Mei Mei, Zeng Jun, Fang Li, Xiang Sha, Sun Haili, Wen Chaolin, Chai Liyin, Chen Xinqing, Li Zhuhong, Li Ning, Shen Bingbing
Department of Nephrology, People's Hospital of Shapingba District, Chongqing University Shapingba Hospital, School of Medicine, Chongqing University, Chongqing, China.
Department of Nephrology, The First Hospital Affiliated to Army Medical University, Chongqing, China.
Int Urol Nephrol. 2025 Jan;57(1):187-196. doi: 10.1007/s11255-024-04156-9. Epub 2024 Jul 17.
Although sodium glucose cotransporter2 inhibitor (SGLT-2I) is widely used in clinical practice, sufficient renin-angiotensin system (RAS) inhibition remains the cornerstone of diabetic kidney disease (DKD) treatment. The aim of this single-center study was to evaluate the efficacy and safety of dual RAS blockade compared with angiotensin-converting enzyme inhibitor (ACEI)/angiotensin II receptor blocker (ARB) monotherapy in non-elderly DKD patients with preserved eGFR (WHO Standard, < 60y).
This single-center study was registered in Chinese Clinical Trial Registry (ChiCTR1900024752), and approved by the ethical committee (KY201994). In this study, we recruited non-elderly type 2 diabetes volunteers with initial diagnosis of DKD to receive dual RAS blockade or monotherapy. 150 non-elderly DKD patients with preserved eGFR were recruited. The patients were randomly divided into dual RAS blockade group and monotherapy group. The dual RAS blockade group treatment regimen was an 80 mg valsartan plus a 4 mg perindopril tert-butylamine per day. At the same time, monotherapy group patients who received the 8 mg perindopril tert-butylamine or 160 mg valsartan monotherapy. The clinical data of the three groups were compared at baseline and collected during the follow-up period of 12 months.

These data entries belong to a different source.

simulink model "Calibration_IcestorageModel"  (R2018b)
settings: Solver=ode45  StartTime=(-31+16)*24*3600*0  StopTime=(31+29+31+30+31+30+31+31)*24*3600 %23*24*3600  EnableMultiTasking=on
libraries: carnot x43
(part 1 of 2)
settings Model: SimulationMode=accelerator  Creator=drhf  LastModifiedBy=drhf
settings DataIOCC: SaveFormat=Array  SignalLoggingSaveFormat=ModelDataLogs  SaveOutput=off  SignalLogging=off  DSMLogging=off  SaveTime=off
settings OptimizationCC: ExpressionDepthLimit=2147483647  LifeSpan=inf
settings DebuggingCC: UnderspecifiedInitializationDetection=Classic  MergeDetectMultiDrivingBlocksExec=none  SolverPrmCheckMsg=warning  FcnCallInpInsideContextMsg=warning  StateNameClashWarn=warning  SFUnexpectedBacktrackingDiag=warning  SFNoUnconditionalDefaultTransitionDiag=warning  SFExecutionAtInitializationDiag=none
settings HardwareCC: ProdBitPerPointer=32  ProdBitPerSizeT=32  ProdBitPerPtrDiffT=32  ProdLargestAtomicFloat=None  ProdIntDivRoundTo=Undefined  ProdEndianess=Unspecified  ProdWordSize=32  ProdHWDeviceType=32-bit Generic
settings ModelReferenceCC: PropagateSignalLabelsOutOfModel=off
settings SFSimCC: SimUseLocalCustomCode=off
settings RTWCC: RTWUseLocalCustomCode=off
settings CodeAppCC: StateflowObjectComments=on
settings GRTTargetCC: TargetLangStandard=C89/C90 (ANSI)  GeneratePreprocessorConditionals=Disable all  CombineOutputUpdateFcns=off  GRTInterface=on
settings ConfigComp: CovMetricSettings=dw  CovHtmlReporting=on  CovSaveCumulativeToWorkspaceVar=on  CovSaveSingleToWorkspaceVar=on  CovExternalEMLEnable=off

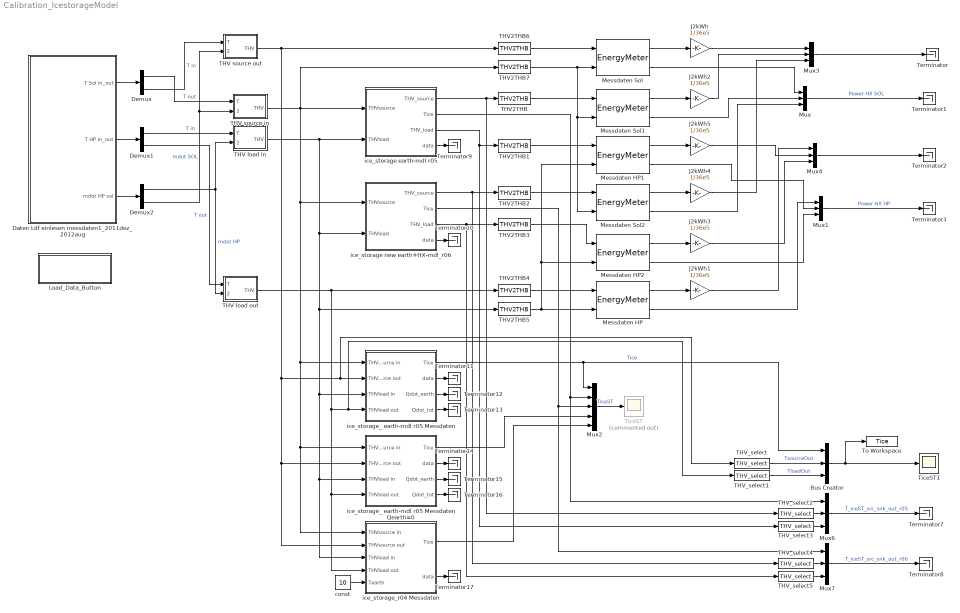
== system Calibration_IcestorageModel ==
  Bus Creator : BusCreator  Inputs=3
  Daten Ldf einlesen messdaten1_2011dez_2012aug : Subsystem
  Demux : Demux  Outputs=2
  Demux1 : Demux  Outputs=2
  Demux2 : Demux  Outputs=2
  J2kWh{,1..5} (6 alike) : Gain  Gain=1/36e5  SaturateOnIntegerOverflow=on  OutDataTypeStr=Inherit: Same as input  ParamDataTypeStr=Inherit: Same as input
  Load_Data_Button : Subsystem
      settings: OpenFcn=|
      | [filename, pathname, filterindex] = ...
      |    uigetfile( {'*.mat','MAT-files (*.mat)'; ...
      |    '*.*',  'All Files (*.*)'},  'Pick a data file');
      | 
      | if (filterindex > 0)
      |    load(filename)
      | end
      mask Display: disp('double click \nto load data')
  Messdaten HP : carnot/Control/EnergyMeter
      settings: SourceProductName=Carnot
  Messdaten HP1 : carnot/Control/EnergyMeter
      settings: SourceProductName=Carnot
  Messdaten HP2 : carnot/Control/EnergyMeter
      settings: SourceProductName=Carnot
  Messdaten Sol : carnot/Control/EnergyMeter
      settings: SourceProductName=Carnot
  Messdaten Sol1 : carnot/Control/EnergyMeter
      settings: SourceProductName=Carnot
  Messdaten Sol2 : carnot/Control/EnergyMeter
      settings: SourceProductName=Carnot
  Mux{,1,3..4,6..7} (6 alike) : Mux  Inputs=3
  Mux2 : Mux  Inputs=5
  THV load in : Subsystem  mask(create THV){p=1e5, fluid=water_glycol_mix, mix=0.5, dia=0.025}
      mask prompts: p "pressure [Pa]"; mix "fluid mixture [0..1]"; dia "diameter [m]"
      mask help: Block to create a THV vector with the variable input T and mdot. The other value can be set as constants in the mask.
      mask init:
      | mix = min(1, max(0, mix));
      | dia = max(dia, 0.001);
      mask Help: eval('man (''create_THV'')')
      mask TypeOptions fluid: water | air | cotton_oil | silicone_oil | water_glycol_mix
  THV load out : Subsystem  mask(create THV){p=1e5, fluid=water_glycol_mix, mix=0.5, dia=0.025}
      mask prompts: p "pressure [Pa]"; mix "fluid mixture [0..1]"; dia "diameter [m]"
      mask help: Block to create a THV vector with the variable input T and mdot. The other value can be set as constants in the mask.
      mask init:
      | mix = min(1, max(0, mix));
      | dia = max(dia, 0.001);
      mask Help: eval('man (''create_THV'')')
      mask TypeOptions fluid: water | air | cotton_oil | silicone_oil | water_glycol_mix
  THV source in : Subsystem  mask(create THV){p=1e5, fluid=water_glycol_mix, mix=0.5, dia=0.025}
      mask prompts: p "pressure [Pa]"; mix "fluid mixture [0..1]"; dia "diameter [m]"
      mask help: Block to create a THV vector with the variable input T and mdot. The other value can be set as constants in the mask.
      mask init:
      | mix = min(1, max(0, mix));
      | dia = max(dia, 0.001);
      mask Help: eval('man (''create_THV'')')
      mask TypeOptions fluid: water | air | cotton_oil | silicone_oil | water_glycol_mix
  THV source out : Subsystem  mask(create THV){p=1e5, fluid=water_glycol_mix, mix=0.5, dia=0.025}
      mask prompts: p "pressure [Pa]"; mix "fluid mixture [0..1]"; dia "diameter [m]"
      mask help: Block to create a THV vector with the variable input T and mdot. The other value can be set as constants in the mask.
      mask init:
      | mix = min(1, max(0, mix));
      | dia = max(dia, 0.001);
      mask Help: eval('man (''create_THV'')')
      mask TypeOptions fluid: water | air | cotton_oil | silicone_oil | water_glycol_mix
  THV2THB{,1..7} (8 alike) : carnot/Toolbox/THV2THB
      settings: SourceProductName=Carnot
  THV_select{,1..5} (6 alike) : carnot/Outputs/THV_select  f=off  t=on  m=off  p=off  id=off  mix=off  d=off  dpcon=off  dplin=off  dpqua=off
      settings: SourceProductName=Carnot
  Terminator{,1..3,7..17} (15 alike) : Terminator
  TiceST : Scope  Commented=on
  TiceST1 : Scope
  To Workspace : ToWorkspace  VariableName=Tice  SaveFormat=Timeseries  SampleTime=600
  const : Constant  Value=10
  ice_storage earth-mdl r05 : Subsystem  mask(simple water storage){vol=10, l_solar=30*3, l_hp=8*40, f_ice=0.075, t_ini=0, z=3.32-0.12, h=2.3, dearth=1, Tmeanoutside=11, deltathetae=9.3, Tmeaninside=5, deltathetai=15, tshift=319 %+8760/2 %to get the right behaviour!, cond_ground=2, cp_ground=800, rho_ground=2500}
      mask prompts: vol "volume [m³]"; l_solar "length of solar heat exchanger [m]"; l_hp "length of HP heat exchanger [m]"; f_ice "Initial fraction of ice (0..1)"; t_ini "Initial Temperatur (only if fraction ice = 0) [°C]"; z "depth of baseplate from upper surface [m]"; h "height of ice storage [m]"; dearth "thickness of surrounding earth layer [m]"; Tmeanoutside "mean outside temperature over one year [°C]"; deltathetae "amplitude of monthly outside temperatures [°C]"; Tmeaninside "mean inside temperature over one year [°C]"; deltathetai "amplitude of monthly mean inside temperature [°C]"; tshift "time shift where external temperature sine-curve shows a minimum [h]"; cond_ground "conductivity of ground [W/(m*K)]"; cp_ground "capacity of ground [J/(kg*K)]"; rho_ground "density of ground [kg/m^3]"
      mask help: multinode water storage
      mask init:
      | f_ice = min(1, max(0, f_ice));
      | h_ini = (1-f_ice)*335e3;
      | if f_ice == 0 
      |     h_ini = h_ini + 4182*t_ini;
      | end
      | %Durchmesser Eisspeicher [m]
      | D_tank = 2.7;
      | %Höhe Eisspeicher [m]
      | h_tank = 2.3;
      | %Grundfläche [m^2]
      | A = pi*(D_tank/2.)^2;
      | %Umfang [m]
      | P = D_tank*pi;
      | %charakteristisches Bodenmass [m]
      | B = A/(0.5*P);
      | %Wärmewiderstand Boden & Wand [m^2*K/W]
      | Rbtot = 0.12/1.330;
      | Rwtot = 0.1/1.330;
      | %Wanddicke [m]
      | w = 0.1;
      | %wirksame Dicke Boden & Wand [m]
      | dt = w + cond_ground*Rbtot;
      | dw = cond_ground*Rwtot;
      | %abstand der mitte der wandfläche zur oberfläche [m]
      | ztilde = z-(0.5*h);
      | %anzahl stunden pro jahr
      | t0 = 8760;
      | %thermische eindringtiefe
      | delta_grd = sqrt((t0*3600*cond_ground)/(pi*rho_ground*cp_ground));
      | 
      | %U-Wert Erdschicht [W/m^2K]
      | U_earth = cond_ground/dearth;
      | %Oberfläche Erdschicht [m^2]
      | A_earth = ((D_tank+2*dearth)/2)^2*pi + (D_tank+2*dearth)*pi*(h_tank+dearth);
      | %Volumen Erdschicht [m^3]
      | V_earth = ((D_tank+2*dearth)/2)^2*pi*(h_tank+dearth) - (D_tank/2)^2*pi*h_tank;
      | %U*A tank
      | UA_tank = (D_tank/2)^2*pi/(0.12/1.330) + D_tank*pi*h_tank/(0.1/1.330);
      mask Help: eval('man(''storage'')')
      mask Display: plot(0,0,100,100,[20,30,40,50,60,70,70,60,50,40,30,20,20],[70,90,84,84,90,70,20,13,10,10,13,20,70],[60,50,40,30],[90,95,95,90],[70,60,50,40,30,20],[70,64,60,60,64,70],[45,45],[20,50],[56,35],[35,35],[53,37],[26,44],[53,37],[44,26],[48,45,42],[46,43,46],[54,51,54],[33,35,38],[48,45,42],[24,28,23],[37,40,37],[32,35,38])
  ice_storage new earth+HX-mdl_r06 : Subsystem  mask(simple water storage){vol=10, l_solar=30*3, l_hp=8*40, f_ice=0.075, t_ini=0, z=3.32-0.12, h=2.3, dearth=1, Tmeanoutside=11, deltathetae=9.3, Tmeaninside=5, deltathetai=15, tshift=319 %+8760/2 %to get the right behaviour!, cond_ground=2, cp_ground=800, rho_ground=2500}
      mask prompts: vol "volume [m³]"; l_solar "length of solar heat exchanger [m]"; l_hp "length of HP heat exchanger [m]"; f_ice "Initial fraction of ice (0..1)"; t_ini "Initial Temperatur (only if fraction ice = 0) [°C]"; z "depth of baseplate from upper surface [m]"; h "height of ice storage [m]"; dearth "thickness of surrounding earth layer [m]"; Tmeanoutside "mean outside temperature over one year [°C]"; deltathetae "amplitude of monthly outside temperatures [°C]"; Tmeaninside "mean inside temperature over one year [°C]"; deltathetai "amplitude of monthly mean inside temperature [°C]"; tshift "time shift where external temperature sine-curve shows a minimum [h]"; cond_ground "conductivity of ground [W/(m*K)]"; cp_ground "capacity of ground [J/(kg*K)]"; rho_ground "density of ground [kg/m^3]"
      mask help: multinode water storage
      mask init: same as Calibration_IcestorageModel/ice_storage earth-mdl r05
      mask Help: eval('man(''storage'')')
      mask Display: plot(0,0,100,100,[20,30,40,50,60,70,70,60,50,40,30,20,20],[70,90,84,84,90,70,20,13,10,10,13,20,70],[60,50,40,30],[90,95,95,90],[70,60,50,40,30,20],[70,64,60,60,64,70],[45,45],[20,50],[56,35],[35,35],[53,37],[26,44],[53,37],[44,26],[48,45,42],[46,43,46],[54,51,54],[33,35,38],[48,45,42],[24,28,23],[37,40,37],[32,35,38])
  ice_storage_ earth-mdl r05 Messdaten : Subsystem  mask(simple water storage){vol=10, l_solar=30*3, l_hp=8*40, f_ice=0.075, t_ini=0, z=3.32-0.12, h=2.3, dearth=1, Tmeanoutside=11, deltathetae=9.3, Tmeaninside=5, deltathetai=15, tshift=319 %+8760/2 %to get the right behaviour!, cond_ground=2, cp_ground=800, rho_ground=2500}
      mask prompts: vol "volume [m³]"; l_solar "length of solar heat exchanger [m]"; l_hp "length of HP heat exchanger [m]"; f_ice "Initial fraction of ice (0..1)"; t_ini "Initial Temperatur (only if fraction ice = 0) [°C]"; z "depth of baseplate from upper surface [m]"; h "height of ice storage [m]"; dearth "thickness of surrounding earth layer [m]"; Tmeanoutside "mean outside temperature over one year [°C]"; deltathetae "amplitude of monthly outside temperatures [°C]"; Tmeaninside "mean inside temperature over one year [°C]"; deltathetai "amplitude of monthly mean inside temperature [°C]"; tshift "time shift where external temperature sine-curve shows a minimum [h]"; cond_ground "conductivity of ground [W/(m*K)]"; cp_ground "capacity of ground [J/(kg*K)]"; rho_ground "density of ground [kg/m^3]"
      mask help: multinode water storage
      mask init: same as Calibration_IcestorageModel/ice_storage earth-mdl r05
      mask Help: eval('man(''storage'')')
      mask Display: plot(0,0,100,100,[20,30,40,50,60,70,70,60,50,40,30,20,20],[70,90,84,84,90,70,20,13,10,10,13,20,70],[60,50,40,30],[90,95,95,90],[70,60,50,40,30,20],[70,64,60,60,64,70],[45,45],[20,50],[56,35],[35,35],[53,37],[26,44],[53,37],[44,26],[48,45,42],[46,43,46],[54,51,54],[33,35,38],[48,45,42],[24,28,23],[37,40,37],[32,35,38])
  ice_storage_ earth-mdl r05 Messdaten Qearth=0 : Subsystem  mask(simple water storage){vol=10, l_solar=30*3, l_hp=8*40, f_ice=0.075, t_ini=0, z=3.32-0.12, h=2.3, dearth=1, Tmeanoutside=11, deltathetae=9.3, Tmeaninside=5, deltathetai=15, tshift=319 %+8760/2 %to get the right behaviour!, cond_ground=2, cp_ground=800, rho_ground=2500}
      mask prompts: vol "volume [m³]"; l_solar "length of solar heat exchanger [m]"; l_hp "length of HP heat exchanger [m]"; f_ice "Initial fraction of ice (0..1)"; t_ini "Initial Temperatur (only if fraction ice = 0) [°C]"; z "depth of baseplate from upper surface [m]"; h "height of ice storage [m]"; dearth "thickness of surrounding earth layer [m]"; Tmeanoutside "mean outside temperature over one year [°C]"; deltathetae "amplitude of monthly outside temperatures [°C]"; Tmeaninside "mean inside temperature over one year [°C]"; deltathetai "amplitude of monthly mean inside temperature [°C]"; tshift "time shift where external temperature sine-curve shows a minimum [h]"; cond_ground "conductivity of ground [W/(m*K)]"; cp_ground "capacity of ground [J/(kg*K)]"; rho_ground "density of ground [kg/m^3]"
      mask help: multinode water storage
      mask init: same as Calibration_IcestorageModel/ice_storage earth-mdl r05
      mask Help: eval('man(''storage'')')
      mask Display: plot(0,0,100,100,[20,30,40,50,60,70,70,60,50,40,30,20,20],[70,90,84,84,90,70,20,13,10,10,13,20,70],[60,50,40,30],[90,95,95,90],[70,60,50,40,30,20],[70,64,60,60,64,70],[45,45],[20,50],[56,35],[35,35],[53,37],[26,44],[53,37],[44,26],[48,45,42],[46,43,46],[54,51,54],[33,35,38],[48,45,42],[24,28,23],[37,40,37],[32,35,38])
  ice_storage_r04 Messdaten : Subsystem  mask(simple water storage){vol=10, l_solar=30*3, l_hp=8*40, f_ice=0.075, t_ini=0}
      mask prompts: vol "volume in m³"; l_solar "length of solar heat exchanger in m"; l_hp "length of HP heat exchanger in m"; f_ice "Initial fraction of ice (0..1)"; t_ini "Initial Temperatur (only if fraction ice = 0) in °C"
      mask help: multinode water storage
      mask init:
      | f_ice = min(1, max(0, f_ice));
      | h_ini = (1-f_ice)*335e3;
      | if f_ice == 0 
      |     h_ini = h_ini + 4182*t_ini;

The baseline of patients who received dual RAS blockade was similar to that of monotherapy group. After 12 months of treatment, the median level of proteinuria in the dual RAS blockade group was significantly lower than that in the monotherapy group. There was no significant difference in the estimated glomerular filtration rate (eGFR) level, potassium, blood pressure and no serious adverse reactions.
In non-elderly DKD patients with preserved eGFR, dual RAS blockade is superior to control proteinuria, and does not increase the probability of adverse reactions such as hyperkalemia, hypotension and acute kidney injury in 12 months.
尽管钠-葡萄糖协同转运蛋白2抑制剂(SGLT-2I)在临床实践中被广泛应用,但充分抑制肾素-血管紧张素系统(RAS)仍是糖尿病肾病(DKD)治疗的基石。本单中心研究的目的是评估在估算肾小球滤过率(eGFR)保留的非老年DKD患者(世界卫生组织标准,<60岁)中,与血管紧张素转换酶抑制剂(ACEI)/血管紧张素II受体阻滞剂(ARB)单药治疗相比,双重RAS阻断的疗效和安全性。
本单中心研究已在中国临床试验注册中心注册(ChiCTR1900024752),并获得伦理委员会批准(KY201994)。在本研究中,我们招募了初诊为DKD的非老年2型糖尿病志愿者接受双重RAS阻断或单药治疗。招募了150例eGFR保留的非老年DKD患者。患者被随机分为双重RAS阻断组和单药治疗组。双重RAS阻断组的治疗方案是每天服用80毫克缬沙坦加4毫克培哚普利叔丁胺。同时,单药治疗组患者接受8毫克培哚普利叔丁胺或160毫克缬沙坦单药治疗。在基线时比较三组的临床数据,并在12个月的随访期内收集。
接受双重RAS阻断的患者基线与单药治疗组相似。治疗12个月后,双重RAS阻断组的蛋白尿中位数水平显著低于单药治疗组。估算肾小球滤过率(eGFR)水平、血钾、血压无显著差异,且无严重不良反应。
在eGFR保留的非老年DKD患者中,双重RAS阻断在控制蛋白尿方面优于单药治疗,且在12个月内不会增加高钾血症、低血压和急性肾损伤等不良反应的发生概率。